It is a commonly held belief that “whisky snobs” dislike all forms of American “whiskey” or bourbon; similar, in fact, to the belief that American beer is made from one part water and one part make-believe. Both of these statements are, in fact, incorrect – America has some of the best (in my opinion) breweries in the world (Anchor, Flying Dog, Left hand, Sierra Nevada, the list goes on) and there is no drink more apt after a big old summer barbecue than an American bourbon. So while Scotch whiskys are what I will be reviewing most of the time, I will also take a look at several bourbons, starting with Ancient Age.

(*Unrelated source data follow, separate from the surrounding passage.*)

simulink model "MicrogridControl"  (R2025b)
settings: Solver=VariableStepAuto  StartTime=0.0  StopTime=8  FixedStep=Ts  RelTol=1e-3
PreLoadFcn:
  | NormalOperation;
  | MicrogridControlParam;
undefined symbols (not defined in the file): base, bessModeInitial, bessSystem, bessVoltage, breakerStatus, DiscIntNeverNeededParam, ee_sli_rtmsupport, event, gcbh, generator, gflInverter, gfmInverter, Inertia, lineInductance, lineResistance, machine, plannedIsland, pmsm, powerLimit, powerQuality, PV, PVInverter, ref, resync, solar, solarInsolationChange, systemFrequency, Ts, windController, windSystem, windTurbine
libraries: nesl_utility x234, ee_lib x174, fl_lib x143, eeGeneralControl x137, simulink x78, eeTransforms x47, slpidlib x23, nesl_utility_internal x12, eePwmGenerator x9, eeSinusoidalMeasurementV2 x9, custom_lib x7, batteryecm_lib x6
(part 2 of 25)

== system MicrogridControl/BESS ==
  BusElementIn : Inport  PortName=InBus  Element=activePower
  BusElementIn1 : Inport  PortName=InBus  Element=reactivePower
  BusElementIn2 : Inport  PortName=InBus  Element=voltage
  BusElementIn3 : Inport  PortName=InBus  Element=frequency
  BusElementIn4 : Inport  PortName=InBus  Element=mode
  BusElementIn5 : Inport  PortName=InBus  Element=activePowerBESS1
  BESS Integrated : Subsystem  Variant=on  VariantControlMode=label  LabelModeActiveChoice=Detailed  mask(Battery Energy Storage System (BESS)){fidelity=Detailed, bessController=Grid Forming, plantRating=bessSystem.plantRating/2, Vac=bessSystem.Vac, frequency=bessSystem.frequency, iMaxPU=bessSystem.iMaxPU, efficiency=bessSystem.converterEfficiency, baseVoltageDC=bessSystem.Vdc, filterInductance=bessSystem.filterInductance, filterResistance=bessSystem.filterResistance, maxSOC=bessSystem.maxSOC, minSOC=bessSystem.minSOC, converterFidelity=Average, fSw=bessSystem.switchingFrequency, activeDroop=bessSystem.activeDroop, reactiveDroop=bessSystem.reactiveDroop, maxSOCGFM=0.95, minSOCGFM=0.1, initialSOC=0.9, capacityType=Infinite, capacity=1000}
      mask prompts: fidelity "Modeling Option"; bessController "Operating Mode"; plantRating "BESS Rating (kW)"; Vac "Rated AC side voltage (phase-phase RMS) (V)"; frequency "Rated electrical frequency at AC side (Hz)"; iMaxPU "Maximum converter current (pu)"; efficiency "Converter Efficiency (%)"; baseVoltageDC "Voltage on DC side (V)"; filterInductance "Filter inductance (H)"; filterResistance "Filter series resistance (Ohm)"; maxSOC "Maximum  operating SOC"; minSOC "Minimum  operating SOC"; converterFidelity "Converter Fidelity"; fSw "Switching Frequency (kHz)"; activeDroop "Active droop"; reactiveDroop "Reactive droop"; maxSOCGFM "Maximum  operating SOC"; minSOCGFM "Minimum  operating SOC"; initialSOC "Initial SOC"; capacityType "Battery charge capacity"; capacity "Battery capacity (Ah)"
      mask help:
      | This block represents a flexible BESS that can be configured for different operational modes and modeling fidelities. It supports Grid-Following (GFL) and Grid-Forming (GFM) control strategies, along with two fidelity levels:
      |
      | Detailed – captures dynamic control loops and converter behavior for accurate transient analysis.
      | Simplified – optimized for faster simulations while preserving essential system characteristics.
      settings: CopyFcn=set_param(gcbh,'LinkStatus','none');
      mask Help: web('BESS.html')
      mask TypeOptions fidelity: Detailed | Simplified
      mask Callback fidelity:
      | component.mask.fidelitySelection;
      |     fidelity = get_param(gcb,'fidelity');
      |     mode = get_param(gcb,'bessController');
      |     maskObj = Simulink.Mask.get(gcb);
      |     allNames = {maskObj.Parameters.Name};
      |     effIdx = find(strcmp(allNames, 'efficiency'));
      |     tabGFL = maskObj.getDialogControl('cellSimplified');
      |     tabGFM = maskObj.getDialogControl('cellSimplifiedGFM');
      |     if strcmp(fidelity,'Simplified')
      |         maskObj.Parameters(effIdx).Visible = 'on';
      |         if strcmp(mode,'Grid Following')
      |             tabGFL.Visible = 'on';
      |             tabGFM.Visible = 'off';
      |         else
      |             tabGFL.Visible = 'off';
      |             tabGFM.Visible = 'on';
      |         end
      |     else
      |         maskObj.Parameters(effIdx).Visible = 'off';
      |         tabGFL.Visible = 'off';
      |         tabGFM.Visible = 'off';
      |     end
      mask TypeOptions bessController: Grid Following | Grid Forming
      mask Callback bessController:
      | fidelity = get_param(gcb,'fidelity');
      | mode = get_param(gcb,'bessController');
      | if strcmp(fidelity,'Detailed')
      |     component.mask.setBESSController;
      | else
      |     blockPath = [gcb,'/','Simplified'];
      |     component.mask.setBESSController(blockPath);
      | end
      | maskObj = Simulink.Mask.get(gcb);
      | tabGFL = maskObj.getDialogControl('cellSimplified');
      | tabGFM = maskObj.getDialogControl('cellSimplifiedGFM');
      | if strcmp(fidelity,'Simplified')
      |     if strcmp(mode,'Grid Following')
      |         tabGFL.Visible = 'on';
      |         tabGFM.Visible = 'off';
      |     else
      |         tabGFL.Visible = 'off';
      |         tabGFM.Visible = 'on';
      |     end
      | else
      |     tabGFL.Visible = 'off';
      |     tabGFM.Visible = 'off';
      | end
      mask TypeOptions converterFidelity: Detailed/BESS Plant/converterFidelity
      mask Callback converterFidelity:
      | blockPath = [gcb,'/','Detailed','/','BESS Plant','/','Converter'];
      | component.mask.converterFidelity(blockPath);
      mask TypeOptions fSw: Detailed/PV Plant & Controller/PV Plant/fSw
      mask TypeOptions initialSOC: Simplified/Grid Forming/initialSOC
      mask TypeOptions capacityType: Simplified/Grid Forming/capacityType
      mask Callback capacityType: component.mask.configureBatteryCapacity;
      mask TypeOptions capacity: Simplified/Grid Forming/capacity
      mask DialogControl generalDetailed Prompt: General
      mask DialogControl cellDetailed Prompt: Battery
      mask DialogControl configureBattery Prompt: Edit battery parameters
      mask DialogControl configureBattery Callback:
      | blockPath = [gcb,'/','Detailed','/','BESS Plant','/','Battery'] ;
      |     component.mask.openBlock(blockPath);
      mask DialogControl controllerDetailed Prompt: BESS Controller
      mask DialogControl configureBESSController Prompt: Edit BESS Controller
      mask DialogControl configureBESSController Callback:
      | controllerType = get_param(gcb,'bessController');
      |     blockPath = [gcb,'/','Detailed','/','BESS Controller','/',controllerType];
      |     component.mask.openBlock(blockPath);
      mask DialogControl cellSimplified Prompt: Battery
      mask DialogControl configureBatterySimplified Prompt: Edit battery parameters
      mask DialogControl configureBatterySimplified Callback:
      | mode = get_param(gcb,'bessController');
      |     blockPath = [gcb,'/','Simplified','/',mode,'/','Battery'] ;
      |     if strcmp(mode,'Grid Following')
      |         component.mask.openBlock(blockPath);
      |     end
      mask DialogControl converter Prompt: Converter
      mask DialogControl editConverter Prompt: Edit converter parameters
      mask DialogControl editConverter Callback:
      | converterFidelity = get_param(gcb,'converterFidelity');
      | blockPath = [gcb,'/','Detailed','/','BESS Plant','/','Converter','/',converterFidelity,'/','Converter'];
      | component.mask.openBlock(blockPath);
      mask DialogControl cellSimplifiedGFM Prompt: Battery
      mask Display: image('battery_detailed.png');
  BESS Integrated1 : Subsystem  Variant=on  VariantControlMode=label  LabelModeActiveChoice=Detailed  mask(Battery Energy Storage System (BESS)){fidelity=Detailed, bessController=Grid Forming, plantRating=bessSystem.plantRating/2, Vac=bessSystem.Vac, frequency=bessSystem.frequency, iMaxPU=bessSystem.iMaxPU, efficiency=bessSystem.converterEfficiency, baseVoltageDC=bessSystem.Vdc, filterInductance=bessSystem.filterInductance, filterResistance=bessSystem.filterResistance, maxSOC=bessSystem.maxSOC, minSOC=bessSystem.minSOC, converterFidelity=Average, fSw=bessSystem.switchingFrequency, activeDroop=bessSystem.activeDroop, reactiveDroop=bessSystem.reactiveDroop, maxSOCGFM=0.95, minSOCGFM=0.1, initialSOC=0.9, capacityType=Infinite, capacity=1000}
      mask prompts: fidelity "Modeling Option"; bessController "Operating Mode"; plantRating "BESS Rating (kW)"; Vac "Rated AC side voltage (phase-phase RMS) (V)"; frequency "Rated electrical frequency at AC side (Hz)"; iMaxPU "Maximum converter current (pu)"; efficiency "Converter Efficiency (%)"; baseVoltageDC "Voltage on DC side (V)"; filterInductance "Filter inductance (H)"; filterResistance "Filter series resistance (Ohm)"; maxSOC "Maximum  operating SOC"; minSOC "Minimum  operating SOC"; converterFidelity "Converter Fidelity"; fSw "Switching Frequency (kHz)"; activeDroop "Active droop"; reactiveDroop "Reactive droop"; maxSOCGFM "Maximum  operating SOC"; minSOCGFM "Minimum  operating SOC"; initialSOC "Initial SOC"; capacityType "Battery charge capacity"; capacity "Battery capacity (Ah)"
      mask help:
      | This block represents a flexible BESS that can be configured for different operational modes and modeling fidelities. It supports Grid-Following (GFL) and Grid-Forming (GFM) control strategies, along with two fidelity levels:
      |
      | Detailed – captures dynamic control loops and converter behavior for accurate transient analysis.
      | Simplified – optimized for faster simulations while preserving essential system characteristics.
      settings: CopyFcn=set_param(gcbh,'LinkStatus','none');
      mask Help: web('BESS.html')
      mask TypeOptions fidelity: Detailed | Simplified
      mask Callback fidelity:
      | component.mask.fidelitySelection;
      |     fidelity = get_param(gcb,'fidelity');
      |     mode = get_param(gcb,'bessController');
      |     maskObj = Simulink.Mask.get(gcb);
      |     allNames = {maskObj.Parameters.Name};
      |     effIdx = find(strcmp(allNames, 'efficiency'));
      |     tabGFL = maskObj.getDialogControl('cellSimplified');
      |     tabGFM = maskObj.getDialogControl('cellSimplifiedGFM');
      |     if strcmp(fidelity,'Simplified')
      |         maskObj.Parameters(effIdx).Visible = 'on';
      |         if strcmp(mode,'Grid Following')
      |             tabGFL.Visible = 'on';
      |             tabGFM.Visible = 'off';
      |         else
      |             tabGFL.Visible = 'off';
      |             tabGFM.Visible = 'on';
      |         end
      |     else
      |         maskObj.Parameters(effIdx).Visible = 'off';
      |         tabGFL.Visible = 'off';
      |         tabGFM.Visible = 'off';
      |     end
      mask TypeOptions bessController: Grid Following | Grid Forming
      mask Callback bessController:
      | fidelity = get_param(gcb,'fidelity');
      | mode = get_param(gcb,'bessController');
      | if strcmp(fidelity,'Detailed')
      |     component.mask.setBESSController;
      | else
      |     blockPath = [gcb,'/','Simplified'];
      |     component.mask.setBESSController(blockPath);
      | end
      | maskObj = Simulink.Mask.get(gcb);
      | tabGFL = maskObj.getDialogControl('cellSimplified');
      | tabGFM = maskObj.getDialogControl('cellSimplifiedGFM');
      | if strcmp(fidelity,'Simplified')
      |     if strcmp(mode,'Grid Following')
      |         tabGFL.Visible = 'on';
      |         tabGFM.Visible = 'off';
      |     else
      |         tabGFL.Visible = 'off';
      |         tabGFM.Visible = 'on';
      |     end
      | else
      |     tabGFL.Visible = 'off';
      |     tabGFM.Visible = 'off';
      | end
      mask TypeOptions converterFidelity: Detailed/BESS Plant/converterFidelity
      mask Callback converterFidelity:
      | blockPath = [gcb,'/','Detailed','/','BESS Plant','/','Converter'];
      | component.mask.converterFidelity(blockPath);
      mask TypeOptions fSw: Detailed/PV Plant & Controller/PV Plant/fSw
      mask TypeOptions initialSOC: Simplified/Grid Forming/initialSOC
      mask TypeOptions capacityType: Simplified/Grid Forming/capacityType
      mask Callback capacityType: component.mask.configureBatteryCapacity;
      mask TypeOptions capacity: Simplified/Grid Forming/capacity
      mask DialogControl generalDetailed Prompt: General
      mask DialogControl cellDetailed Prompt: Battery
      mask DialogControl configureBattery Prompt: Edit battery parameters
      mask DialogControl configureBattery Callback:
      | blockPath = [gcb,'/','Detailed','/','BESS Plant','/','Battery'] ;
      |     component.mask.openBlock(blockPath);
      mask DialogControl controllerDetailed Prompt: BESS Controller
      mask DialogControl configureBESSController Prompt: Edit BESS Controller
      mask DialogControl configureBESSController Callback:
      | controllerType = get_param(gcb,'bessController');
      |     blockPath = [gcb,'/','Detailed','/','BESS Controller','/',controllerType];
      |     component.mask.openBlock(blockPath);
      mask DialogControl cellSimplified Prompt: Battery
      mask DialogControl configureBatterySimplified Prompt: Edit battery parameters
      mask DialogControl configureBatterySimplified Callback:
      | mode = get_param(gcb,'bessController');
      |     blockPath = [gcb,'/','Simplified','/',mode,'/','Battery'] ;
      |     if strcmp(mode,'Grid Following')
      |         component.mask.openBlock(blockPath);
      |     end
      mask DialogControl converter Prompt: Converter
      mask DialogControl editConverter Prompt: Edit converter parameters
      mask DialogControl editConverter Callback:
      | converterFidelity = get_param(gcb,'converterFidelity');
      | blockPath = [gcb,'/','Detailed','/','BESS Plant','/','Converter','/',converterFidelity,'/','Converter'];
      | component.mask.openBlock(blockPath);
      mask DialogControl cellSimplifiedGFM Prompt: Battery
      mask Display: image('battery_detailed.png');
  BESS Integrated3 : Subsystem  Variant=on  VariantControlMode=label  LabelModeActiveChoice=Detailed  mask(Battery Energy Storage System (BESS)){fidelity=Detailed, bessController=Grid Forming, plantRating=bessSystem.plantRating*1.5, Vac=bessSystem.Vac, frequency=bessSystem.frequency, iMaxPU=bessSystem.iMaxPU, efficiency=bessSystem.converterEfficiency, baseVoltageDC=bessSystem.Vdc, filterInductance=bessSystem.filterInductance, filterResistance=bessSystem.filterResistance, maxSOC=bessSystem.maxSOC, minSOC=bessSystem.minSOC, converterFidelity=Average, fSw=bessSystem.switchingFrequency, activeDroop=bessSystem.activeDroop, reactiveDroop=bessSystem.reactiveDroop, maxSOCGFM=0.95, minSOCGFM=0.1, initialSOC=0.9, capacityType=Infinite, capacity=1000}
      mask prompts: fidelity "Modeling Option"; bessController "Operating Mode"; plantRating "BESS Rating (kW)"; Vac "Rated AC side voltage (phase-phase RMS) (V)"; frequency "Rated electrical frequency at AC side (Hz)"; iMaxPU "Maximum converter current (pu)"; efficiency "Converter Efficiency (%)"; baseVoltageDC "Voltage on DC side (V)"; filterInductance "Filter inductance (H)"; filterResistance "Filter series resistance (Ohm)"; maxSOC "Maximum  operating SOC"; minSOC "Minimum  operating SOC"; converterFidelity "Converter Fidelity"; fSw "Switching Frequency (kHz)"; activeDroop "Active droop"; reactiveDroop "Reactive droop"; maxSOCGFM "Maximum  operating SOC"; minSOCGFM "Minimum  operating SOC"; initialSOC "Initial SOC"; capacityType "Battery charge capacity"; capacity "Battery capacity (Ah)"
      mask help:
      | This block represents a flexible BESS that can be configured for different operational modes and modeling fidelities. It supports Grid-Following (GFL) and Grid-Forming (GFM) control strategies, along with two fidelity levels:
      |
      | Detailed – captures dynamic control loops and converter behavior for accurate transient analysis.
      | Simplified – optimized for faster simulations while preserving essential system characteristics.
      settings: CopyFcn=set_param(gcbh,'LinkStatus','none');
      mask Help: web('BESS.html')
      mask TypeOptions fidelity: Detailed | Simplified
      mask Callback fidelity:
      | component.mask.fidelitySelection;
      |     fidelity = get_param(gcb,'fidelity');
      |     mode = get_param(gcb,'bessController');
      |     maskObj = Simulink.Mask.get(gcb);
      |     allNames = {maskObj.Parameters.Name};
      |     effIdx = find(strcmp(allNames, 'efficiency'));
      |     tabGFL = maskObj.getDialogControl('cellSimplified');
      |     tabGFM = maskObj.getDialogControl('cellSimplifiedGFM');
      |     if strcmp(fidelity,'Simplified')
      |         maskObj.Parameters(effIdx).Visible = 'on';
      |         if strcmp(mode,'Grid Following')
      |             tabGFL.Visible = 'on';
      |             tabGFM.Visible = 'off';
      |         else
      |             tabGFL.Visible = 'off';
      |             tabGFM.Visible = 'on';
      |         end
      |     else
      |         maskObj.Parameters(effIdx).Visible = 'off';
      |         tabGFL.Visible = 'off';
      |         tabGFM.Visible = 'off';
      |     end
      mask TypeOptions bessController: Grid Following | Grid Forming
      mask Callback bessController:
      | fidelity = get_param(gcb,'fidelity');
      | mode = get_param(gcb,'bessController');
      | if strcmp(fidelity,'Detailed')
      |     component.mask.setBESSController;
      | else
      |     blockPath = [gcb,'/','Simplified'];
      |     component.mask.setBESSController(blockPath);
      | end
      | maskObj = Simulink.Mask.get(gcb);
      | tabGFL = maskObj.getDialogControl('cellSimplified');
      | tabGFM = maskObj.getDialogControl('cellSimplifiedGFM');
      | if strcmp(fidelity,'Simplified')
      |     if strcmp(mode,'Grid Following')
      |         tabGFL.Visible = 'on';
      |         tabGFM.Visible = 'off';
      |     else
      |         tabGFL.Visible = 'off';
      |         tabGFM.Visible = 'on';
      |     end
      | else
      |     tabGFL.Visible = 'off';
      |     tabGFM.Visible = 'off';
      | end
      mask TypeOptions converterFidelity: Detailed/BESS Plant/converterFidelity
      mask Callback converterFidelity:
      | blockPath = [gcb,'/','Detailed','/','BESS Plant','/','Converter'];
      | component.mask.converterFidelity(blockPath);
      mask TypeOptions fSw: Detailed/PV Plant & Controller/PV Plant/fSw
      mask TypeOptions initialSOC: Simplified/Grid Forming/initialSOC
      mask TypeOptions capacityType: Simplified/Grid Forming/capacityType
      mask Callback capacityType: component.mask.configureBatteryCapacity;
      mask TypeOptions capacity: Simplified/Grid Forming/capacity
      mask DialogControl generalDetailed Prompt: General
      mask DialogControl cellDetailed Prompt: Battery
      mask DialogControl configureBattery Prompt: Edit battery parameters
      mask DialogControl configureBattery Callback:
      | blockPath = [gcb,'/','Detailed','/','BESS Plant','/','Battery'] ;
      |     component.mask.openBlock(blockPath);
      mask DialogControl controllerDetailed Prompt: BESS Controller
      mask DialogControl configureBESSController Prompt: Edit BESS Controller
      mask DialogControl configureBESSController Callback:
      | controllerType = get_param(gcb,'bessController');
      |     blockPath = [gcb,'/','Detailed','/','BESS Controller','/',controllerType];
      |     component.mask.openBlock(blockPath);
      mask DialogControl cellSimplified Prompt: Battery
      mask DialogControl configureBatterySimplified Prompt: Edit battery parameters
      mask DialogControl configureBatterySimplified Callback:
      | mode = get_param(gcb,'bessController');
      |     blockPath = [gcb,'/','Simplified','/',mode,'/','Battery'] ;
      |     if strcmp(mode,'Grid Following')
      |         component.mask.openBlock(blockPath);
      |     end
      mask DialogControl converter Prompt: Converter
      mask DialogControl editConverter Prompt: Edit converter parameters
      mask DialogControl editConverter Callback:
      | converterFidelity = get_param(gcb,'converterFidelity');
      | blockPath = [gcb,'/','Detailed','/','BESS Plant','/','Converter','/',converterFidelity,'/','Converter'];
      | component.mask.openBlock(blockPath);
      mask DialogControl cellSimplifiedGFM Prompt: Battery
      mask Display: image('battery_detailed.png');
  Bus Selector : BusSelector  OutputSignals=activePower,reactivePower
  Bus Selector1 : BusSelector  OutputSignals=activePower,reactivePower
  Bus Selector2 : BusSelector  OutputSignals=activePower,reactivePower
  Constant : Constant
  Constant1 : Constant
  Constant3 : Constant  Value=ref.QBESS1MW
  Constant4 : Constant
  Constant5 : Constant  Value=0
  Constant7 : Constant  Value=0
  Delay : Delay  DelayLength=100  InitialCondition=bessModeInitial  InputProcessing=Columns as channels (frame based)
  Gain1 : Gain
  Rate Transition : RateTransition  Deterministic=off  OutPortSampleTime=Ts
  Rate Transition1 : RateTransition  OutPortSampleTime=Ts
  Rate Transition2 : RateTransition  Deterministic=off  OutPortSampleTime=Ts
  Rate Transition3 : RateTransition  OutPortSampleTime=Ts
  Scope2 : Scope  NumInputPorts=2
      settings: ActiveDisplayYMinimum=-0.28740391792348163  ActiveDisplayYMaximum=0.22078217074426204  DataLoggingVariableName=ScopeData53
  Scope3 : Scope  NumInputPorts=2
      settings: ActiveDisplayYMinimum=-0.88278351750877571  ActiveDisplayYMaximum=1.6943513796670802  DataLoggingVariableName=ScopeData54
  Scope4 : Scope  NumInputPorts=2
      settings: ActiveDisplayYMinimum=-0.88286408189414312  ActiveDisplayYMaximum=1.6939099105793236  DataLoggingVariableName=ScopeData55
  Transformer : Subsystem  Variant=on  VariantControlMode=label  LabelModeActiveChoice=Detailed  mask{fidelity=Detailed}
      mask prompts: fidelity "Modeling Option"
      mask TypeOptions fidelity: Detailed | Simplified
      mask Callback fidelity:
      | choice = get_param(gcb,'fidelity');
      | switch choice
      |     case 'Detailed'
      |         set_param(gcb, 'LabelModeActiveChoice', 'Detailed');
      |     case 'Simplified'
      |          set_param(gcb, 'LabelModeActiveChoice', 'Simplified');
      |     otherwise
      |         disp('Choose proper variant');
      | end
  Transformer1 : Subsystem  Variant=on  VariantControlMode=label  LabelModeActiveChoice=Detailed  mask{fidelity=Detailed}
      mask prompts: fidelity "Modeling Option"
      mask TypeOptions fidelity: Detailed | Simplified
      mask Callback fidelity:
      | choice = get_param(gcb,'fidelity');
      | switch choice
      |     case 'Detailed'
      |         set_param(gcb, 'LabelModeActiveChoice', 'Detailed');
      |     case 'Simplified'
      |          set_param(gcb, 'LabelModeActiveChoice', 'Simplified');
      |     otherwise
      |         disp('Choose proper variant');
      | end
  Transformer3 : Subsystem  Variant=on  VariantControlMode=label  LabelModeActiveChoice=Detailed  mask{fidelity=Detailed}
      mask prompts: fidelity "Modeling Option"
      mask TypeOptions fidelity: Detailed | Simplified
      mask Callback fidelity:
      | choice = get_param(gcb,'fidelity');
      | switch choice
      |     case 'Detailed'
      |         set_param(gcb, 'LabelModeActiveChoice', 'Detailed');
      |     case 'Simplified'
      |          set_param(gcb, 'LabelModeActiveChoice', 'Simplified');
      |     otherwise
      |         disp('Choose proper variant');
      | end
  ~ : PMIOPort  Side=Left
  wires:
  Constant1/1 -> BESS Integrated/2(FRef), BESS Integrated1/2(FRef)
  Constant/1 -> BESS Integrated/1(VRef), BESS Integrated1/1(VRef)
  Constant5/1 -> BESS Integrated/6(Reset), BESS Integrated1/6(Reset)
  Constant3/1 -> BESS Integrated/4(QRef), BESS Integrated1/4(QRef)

Ancient Age is distilled by the Buffalo Trace Distillery in Kentucky, and is by definition a Kentucky Straight Bourbon. It is worth noting that the Buffalo Trace Distillery is the oldest in the US, and has been around since around 1770, but under different names. Other whiskies distilled on the site include Buffalo Trace, Blanton’s and Eagle Rare. Ancient Age is one of the oldest whiskies in the distilleries portfolio, and has been around since 1946. Until the launch of Buffalo Trace, Ancient Age was the distillers’ best selling expression.
So, is it any good? The answer to that question is Yes and, directly and without hesitation, No. It is far from a top-tier bourbon, but then you wouldn’t expect it to be top tier considering its low price. From a value for money point of view, it is definitely not a bad purchase. The nose reveals distinct hints of toffee, vanilla (in true bourbon fashion), caramel and just a hint of ginger. The palate is fairly dry, while still presenting the sweetness often associated with bourbon, and somewhat spicy. While the flavors and aroma are both pleasant, my one issue with this bourbon is that it is, unfortunately, somewhat watery and lacking of that syrupy thickness that one would expect from a good Kentucky Straight.
Eye: Somewhat lighter than your average bourbon, golden brown.
Nose: Fresh corn, caramel, toffee, vanilla, ginger, perhaps a touch of rye.
Palate: Presents much the same characteristics as the nose, but with a slightly dry and watery feel. Added hint of spice.
Overall, I would definitely say that this is worthwhile purchasing if you’re looking for bourbon below $30. In the same price range I would pick it over Jim Beam 3 times out of 5, but would probably (partially for nostalgic reasons, granted) choose Jack Daniels 4 times out of 5.